# 27' Oday a decent liveaboard?



## Jorge_Cast (Aug 1, 2011)

I have found a 1972 Oday 27' for a steal (older gentleman that has arthritis and can't sail) and was wondering if this would be a decent boat as a liveaboard? I am used to tight quarters but wondering if anyone else had any experience on this boat. Thanks


----------



## mstern (May 26, 2002)

Since you are even considering living aboard a forty year old 27' boat, I am going to make a wild assumption that you do not require much in the way of creature comforts. That being said, Odays were built no better and no worse than other value-priced boats of their time. Living aboard a boat like that is like camping on the water: no running or hot water (other than what you boil on your camp-like stove or pump manually), sleeping on a hard "mattress", and unless the boat has been modified for shore power, no electricity to speak of. 
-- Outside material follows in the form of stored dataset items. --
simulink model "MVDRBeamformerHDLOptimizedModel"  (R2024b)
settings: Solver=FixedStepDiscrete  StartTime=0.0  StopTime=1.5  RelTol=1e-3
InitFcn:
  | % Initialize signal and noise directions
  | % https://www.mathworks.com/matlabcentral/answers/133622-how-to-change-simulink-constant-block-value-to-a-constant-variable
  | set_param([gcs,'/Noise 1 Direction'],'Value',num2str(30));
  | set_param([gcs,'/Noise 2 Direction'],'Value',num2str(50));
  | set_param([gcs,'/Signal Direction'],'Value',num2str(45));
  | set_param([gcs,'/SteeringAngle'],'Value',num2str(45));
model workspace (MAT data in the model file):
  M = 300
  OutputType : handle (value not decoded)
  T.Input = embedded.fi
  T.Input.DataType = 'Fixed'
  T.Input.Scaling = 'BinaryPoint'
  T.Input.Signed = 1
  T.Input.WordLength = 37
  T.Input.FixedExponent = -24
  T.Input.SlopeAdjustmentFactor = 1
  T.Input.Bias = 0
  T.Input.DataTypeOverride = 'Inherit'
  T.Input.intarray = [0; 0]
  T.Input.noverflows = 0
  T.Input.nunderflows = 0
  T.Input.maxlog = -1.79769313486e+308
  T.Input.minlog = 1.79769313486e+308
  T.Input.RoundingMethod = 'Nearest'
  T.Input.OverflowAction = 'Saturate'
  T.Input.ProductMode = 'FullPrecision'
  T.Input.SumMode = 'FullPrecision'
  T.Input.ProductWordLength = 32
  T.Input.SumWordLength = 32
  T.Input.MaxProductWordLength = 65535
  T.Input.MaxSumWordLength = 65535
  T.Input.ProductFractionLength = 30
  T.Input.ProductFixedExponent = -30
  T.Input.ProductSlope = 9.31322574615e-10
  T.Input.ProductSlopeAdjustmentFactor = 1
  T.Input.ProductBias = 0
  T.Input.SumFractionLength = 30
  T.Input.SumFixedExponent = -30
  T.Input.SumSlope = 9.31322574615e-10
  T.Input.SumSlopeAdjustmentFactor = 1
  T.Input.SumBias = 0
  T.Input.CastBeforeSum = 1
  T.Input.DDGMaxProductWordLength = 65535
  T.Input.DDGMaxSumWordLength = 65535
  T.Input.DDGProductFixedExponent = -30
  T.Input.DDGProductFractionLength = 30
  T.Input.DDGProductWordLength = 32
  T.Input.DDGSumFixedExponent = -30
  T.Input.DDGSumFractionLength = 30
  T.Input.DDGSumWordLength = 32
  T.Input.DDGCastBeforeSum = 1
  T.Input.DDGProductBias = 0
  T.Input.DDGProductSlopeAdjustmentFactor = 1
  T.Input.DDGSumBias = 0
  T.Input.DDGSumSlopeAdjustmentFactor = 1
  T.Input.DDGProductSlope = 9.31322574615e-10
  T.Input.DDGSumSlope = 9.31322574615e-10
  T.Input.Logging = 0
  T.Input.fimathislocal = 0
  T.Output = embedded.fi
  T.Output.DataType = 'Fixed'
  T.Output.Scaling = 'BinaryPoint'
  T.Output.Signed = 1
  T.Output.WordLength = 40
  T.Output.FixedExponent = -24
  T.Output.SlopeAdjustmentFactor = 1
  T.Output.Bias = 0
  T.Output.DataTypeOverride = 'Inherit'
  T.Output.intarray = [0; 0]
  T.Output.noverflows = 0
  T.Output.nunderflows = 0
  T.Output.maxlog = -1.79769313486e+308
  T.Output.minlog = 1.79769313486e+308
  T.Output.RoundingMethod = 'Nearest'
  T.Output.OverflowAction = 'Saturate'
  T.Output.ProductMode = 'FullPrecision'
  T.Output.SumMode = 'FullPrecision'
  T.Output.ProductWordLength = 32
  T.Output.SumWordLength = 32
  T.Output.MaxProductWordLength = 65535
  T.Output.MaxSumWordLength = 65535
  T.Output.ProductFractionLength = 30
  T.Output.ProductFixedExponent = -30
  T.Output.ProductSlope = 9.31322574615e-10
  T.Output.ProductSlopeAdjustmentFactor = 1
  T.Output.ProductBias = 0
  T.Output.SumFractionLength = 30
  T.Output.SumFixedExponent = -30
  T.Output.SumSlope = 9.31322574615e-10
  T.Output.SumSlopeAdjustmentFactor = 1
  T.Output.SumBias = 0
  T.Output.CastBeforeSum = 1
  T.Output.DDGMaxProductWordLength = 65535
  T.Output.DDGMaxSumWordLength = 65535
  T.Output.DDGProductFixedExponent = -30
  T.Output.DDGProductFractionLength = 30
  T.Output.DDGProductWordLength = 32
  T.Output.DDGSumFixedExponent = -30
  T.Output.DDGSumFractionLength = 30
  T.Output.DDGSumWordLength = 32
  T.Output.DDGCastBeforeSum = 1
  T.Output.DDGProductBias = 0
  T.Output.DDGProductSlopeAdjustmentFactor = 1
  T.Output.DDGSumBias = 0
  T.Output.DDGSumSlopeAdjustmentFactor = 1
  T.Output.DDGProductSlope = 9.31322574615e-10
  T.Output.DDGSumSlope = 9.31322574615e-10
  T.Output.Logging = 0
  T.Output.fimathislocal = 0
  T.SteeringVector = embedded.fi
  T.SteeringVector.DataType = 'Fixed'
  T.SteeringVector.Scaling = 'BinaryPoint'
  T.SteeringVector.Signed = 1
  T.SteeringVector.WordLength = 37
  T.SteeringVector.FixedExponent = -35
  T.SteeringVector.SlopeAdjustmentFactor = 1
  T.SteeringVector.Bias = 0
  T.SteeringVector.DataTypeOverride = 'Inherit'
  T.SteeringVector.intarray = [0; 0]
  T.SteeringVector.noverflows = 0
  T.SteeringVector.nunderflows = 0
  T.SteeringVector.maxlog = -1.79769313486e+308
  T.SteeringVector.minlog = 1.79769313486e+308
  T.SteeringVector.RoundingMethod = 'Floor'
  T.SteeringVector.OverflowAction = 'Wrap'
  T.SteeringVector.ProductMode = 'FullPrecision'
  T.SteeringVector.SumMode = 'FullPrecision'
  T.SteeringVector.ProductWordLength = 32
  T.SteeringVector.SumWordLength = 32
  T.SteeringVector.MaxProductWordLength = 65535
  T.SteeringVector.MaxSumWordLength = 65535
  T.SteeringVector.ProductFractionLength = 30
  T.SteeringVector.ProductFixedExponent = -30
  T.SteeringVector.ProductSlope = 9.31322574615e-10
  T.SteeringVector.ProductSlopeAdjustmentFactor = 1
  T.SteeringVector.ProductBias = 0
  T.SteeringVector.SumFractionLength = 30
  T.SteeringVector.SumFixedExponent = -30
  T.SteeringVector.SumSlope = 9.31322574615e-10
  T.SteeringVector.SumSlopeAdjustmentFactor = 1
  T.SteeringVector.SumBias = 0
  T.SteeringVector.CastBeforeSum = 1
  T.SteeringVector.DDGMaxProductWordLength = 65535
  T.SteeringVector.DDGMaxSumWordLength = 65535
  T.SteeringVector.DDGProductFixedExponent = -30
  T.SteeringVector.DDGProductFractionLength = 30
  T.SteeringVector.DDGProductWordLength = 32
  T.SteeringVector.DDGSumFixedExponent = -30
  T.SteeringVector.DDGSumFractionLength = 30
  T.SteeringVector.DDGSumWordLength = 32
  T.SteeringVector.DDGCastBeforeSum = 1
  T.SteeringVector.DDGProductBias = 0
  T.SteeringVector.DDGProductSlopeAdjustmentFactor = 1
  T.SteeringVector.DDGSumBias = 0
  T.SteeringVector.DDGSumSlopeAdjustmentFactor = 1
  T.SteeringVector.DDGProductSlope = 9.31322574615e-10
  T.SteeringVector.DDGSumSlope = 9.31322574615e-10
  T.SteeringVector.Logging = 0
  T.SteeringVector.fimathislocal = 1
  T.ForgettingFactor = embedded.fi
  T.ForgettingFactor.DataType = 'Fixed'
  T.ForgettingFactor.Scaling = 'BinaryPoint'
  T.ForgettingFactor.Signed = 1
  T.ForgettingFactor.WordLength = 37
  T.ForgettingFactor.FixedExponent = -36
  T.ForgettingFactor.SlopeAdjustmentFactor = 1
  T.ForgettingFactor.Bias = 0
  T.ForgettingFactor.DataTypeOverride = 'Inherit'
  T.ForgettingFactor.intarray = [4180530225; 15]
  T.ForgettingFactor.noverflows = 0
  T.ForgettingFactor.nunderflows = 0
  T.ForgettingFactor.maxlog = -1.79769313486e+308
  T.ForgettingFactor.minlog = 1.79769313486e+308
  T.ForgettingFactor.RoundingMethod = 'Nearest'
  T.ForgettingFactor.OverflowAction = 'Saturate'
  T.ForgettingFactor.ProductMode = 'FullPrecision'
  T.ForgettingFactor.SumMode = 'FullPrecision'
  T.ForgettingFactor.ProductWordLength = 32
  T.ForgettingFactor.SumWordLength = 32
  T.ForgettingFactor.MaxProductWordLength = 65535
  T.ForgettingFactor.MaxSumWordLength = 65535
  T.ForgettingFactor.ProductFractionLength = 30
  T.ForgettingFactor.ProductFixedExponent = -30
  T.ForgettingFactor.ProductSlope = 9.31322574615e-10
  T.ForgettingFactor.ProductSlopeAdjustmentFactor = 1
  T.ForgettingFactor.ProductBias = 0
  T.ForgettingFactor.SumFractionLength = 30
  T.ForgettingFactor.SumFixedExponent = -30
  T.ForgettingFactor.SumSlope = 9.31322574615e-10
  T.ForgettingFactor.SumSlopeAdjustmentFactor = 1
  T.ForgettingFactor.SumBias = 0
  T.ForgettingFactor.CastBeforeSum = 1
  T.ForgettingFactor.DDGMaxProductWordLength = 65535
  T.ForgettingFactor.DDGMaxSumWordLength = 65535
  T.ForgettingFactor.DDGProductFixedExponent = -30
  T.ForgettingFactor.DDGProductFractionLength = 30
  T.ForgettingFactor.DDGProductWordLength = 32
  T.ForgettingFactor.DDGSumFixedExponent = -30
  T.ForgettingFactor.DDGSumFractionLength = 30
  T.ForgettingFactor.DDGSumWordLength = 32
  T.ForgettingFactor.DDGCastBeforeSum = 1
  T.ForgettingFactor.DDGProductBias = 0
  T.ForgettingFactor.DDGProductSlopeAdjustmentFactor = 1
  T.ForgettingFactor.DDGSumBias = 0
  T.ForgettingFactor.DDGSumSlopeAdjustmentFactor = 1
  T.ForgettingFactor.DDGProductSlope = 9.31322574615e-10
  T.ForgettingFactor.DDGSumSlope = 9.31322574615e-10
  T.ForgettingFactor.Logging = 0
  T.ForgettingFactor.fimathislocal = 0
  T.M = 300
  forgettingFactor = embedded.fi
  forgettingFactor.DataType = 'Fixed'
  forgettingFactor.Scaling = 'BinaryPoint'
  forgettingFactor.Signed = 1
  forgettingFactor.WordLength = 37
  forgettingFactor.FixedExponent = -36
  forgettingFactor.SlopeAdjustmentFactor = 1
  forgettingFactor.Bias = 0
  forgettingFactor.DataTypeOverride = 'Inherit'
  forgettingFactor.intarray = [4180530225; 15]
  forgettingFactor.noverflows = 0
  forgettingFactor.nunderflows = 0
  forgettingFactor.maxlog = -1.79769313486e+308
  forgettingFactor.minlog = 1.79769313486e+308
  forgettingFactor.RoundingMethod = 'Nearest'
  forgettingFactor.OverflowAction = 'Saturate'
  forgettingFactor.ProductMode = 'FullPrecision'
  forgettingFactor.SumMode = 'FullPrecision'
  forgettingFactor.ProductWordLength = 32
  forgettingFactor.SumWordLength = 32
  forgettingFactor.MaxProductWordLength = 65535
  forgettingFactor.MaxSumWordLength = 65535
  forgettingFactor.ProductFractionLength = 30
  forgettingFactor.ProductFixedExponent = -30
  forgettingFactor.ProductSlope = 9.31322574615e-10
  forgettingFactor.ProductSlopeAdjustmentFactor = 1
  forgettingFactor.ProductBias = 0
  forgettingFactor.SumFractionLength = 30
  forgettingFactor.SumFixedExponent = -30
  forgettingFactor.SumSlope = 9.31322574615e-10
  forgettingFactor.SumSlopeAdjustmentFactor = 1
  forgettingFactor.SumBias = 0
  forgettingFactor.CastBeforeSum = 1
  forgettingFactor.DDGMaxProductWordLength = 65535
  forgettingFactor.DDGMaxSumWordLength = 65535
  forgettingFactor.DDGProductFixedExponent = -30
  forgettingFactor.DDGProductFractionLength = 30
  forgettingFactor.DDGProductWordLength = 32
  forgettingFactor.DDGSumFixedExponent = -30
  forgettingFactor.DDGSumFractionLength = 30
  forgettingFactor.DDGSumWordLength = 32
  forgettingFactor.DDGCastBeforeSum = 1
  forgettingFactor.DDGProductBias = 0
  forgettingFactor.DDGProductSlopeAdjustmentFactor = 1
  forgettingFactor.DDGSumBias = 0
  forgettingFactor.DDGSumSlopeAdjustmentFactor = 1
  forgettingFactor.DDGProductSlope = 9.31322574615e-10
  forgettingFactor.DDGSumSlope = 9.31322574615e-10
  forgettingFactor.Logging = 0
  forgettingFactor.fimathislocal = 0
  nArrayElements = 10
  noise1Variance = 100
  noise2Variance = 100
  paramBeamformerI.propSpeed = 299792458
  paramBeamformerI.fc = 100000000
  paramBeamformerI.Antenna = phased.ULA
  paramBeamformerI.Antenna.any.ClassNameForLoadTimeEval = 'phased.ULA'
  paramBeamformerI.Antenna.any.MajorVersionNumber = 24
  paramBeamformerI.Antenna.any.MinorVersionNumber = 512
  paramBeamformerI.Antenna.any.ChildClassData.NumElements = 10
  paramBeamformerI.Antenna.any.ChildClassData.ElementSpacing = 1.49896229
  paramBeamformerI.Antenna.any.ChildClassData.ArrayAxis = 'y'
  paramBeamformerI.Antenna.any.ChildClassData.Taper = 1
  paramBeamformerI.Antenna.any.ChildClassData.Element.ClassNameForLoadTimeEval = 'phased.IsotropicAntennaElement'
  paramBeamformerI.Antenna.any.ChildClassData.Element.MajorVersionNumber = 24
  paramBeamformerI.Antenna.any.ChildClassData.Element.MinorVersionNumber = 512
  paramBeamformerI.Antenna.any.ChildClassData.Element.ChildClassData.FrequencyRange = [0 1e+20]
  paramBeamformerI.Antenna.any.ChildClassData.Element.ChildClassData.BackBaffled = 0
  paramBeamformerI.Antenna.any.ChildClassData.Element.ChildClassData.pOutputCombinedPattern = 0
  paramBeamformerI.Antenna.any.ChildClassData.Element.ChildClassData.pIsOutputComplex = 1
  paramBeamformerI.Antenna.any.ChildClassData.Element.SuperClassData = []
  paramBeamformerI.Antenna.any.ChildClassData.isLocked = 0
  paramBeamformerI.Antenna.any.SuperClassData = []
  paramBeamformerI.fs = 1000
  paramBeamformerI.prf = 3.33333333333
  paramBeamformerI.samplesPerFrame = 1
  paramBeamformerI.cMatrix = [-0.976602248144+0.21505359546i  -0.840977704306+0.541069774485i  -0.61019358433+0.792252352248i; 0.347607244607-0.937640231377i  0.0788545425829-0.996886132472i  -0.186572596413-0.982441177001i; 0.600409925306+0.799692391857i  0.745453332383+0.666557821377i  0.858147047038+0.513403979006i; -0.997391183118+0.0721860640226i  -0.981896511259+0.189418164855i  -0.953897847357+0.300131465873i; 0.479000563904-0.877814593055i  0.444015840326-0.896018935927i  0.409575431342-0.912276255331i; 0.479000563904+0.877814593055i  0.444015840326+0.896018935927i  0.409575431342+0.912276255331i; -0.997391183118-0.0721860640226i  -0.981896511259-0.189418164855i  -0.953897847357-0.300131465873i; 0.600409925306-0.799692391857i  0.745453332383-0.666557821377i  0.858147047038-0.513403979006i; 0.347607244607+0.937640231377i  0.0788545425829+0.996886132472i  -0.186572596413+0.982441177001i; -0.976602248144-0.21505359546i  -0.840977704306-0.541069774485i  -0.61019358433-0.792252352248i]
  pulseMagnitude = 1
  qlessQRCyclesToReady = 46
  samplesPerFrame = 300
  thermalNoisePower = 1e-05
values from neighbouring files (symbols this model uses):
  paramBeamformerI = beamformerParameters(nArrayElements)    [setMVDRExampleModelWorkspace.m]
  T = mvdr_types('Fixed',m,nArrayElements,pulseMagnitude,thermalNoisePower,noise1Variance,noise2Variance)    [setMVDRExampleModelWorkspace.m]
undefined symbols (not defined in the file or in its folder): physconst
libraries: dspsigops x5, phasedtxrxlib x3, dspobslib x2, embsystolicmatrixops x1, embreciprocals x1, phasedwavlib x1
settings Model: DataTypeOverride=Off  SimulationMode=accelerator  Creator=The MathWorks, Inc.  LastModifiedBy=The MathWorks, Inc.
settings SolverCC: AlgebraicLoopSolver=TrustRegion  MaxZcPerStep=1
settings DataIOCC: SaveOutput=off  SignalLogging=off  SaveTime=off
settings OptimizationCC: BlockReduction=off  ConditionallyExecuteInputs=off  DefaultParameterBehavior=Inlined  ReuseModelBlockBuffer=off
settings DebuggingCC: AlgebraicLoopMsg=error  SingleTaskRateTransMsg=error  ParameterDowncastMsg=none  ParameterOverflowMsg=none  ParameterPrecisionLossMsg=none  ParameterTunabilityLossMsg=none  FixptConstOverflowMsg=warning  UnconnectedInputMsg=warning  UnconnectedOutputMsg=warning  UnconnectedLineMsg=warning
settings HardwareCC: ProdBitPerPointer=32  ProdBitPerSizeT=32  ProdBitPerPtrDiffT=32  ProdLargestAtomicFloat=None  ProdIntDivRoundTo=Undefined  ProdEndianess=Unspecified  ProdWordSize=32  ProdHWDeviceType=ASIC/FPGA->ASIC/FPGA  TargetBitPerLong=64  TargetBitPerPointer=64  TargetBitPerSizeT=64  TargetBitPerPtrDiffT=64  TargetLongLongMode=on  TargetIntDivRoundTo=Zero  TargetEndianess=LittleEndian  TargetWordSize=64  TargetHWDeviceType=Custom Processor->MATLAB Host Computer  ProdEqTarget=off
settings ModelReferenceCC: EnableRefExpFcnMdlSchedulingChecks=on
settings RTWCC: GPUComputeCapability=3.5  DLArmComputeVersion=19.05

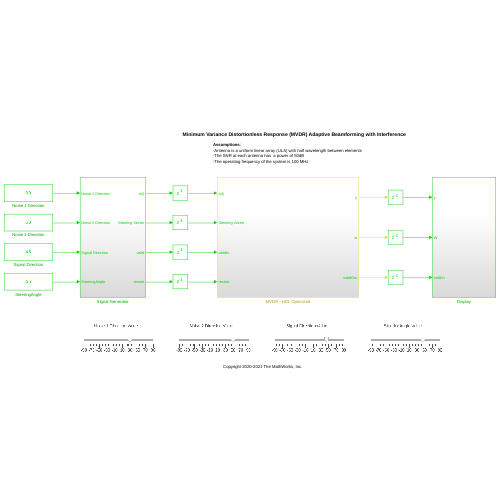
[thumbnail: Simulink's stored preview of the top-level diagram]
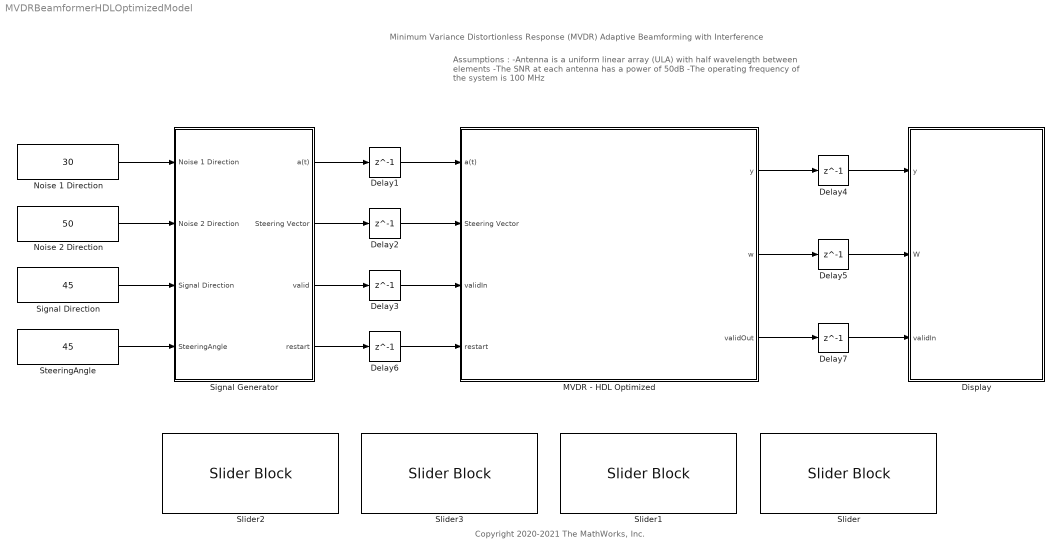
== system MVDRBeamformerHDLOptimizedModel ==
  note: Copyright 2020-2021 The MathWorks, Inc.
  note: Minimum Variance Distortionless Response (MVDR) Adaptive Beamforming with Interference
  note: Assumptions :
      | -Antenna is a uniform linear array (ULA) with half wavelength between elements
      | -The SNR at each antenna has a power of 50dB
      | -The operating frequency of the system is 100 MHz
  Delay{1..7} (7 alike) : Delay  DelayLength=1
  Display : Subsystem
  MVDR - HDL Optimized : Subsystem
  Noise 1 Direction : Constant  Value=30  VectorParams1D=off  SampleTime=-1
  Noise 2 Direction : Constant  Value=50  VectorParams1D=off  SampleTime=-1
  Signal Direction : Constant  Value=45  VectorParams1D=off  SampleTime=-1
  Signal Generator : Subsystem
  Slider{,1..3} (4 alike) : SliderBlock  ScaleMin=-90  ScaleMax=90
  SteeringAngle : Constant  Value=45  VectorParams1D=off  SampleTime=-1
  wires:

I wouldn't be too quick to jump at this deal though, unless the boat is well-maintained. A "free" boat is almost always anything but that. They usually have more problems than they are worth. And perhaps most importantly, think of re-sale value. The boat may be "worth it" to you so you can live on it, but almost no one else will want it for that purpose. The next owner will want to sail her, so if the sails/rigging/engine is in bad or dubious shape, I would pass on the deal.


----------



## chuck53 (Oct 13, 2009)

Hey, there are people who live in cardboard boxes, so yes, you can live a reasonable life on a 27' boat.
Does it have the amenities you need to live comfortably?
As someone else mentioned before, there's a huge difference between living on board vs. Camping on board.


----------



## vega1860 (Dec 18, 2006)

I am not familiar with the O'Day, but living on a 27 footer is by no means out of the question. As chuck53 and mstern pointed out, however, it could be a lot like camping in a swamp.

Having said that, I have lived aboard a Vega 27 for almost 22 years now, with my wife for the last 15 years. You make the necessary adjustments to your lifestyle and a few modifications to the boat and it is a very nice life indeed...

...or it is hell on earth. In my experience, living on any boat up to and including some 100 footers I've been on, is a lot like camping in an RV.

Not for everybody.


----------



## sailguy40 (Feb 6, 2010)

Prior to buying my Oday 22, I bought a Cal 25 and the owner I purchased it from was living onboard it. That boat had some bare interior too. I think if its just me I could get away with living on anything 25ft or larger. I could live on my 22ft if I really had to provided the marina had shower/laundry facilities. This said if I were to buy a boat with living onboard in mind, I would try to go with 27ft or larger. Since that is the starter size where it becomes standing headroom on many of them.


----------



## ppiccolo1 (Aug 6, 2011)

I live in a 2 bedroom 2 bathroom condominium in Chicago 6 months a year and a campervan in New Zealand 6 months a year. I prefer the campervan on the beach in NZ over the jacuzzi tub in Chicago. It's all in your priorities.


----------



## mitiempo (Sep 19, 2008)

I live year round in a CS27 in Victoria. I have full headroom, a separate head, a good galley that I modified to fit a larger stove with oven, an Engel fridge, and running water - electric as well as manual. I have shorepower with a proper breaker panel and rather than trip over portable heaters I installed an electric baseboard heater (1000 watts) with a separate thermostat. They take up very little space - about 14" x 7" and 3" deep - it is mounted under a settee.

The main problem is most boats are designed to weekend with 4 to 6 people. For 1 or 2 bunks don't have to be converted to anything else during the day. The O'day 27 is similar to my CS in measurements and would be a good boat for 1 or possibly 2 people.

O'day 27 from Sailboat Data:


----------



## MacGyverRI (Nov 14, 2007)

I've been on a Paceship PY26 (larger main cabin than most) for 4 yrs. now and it's been really good. Someday I'll have a 35'+ boat but this is fine.

I added; 
pressure water system w/45 gal. holding tank/Shower/Faucets. 
Full head area/vanity
Microwave/Broiler/Oven combo unit.
TV, Computer, Internet, good Stereo etc.
Solar Panels, Charge controller and Wind generator.
Hinged hatch (slider bites in winter)
Dorm Fridge (only uses 85 watts)
Better Seat/Bunk cushions 
Sm. China closet behind fold-up Table 
Propane heater
Insulated everyplace I could (Flex Foil/Bubble insulation)
Shore power 110 plugs/wiring
Kenyon butane stovetop


----------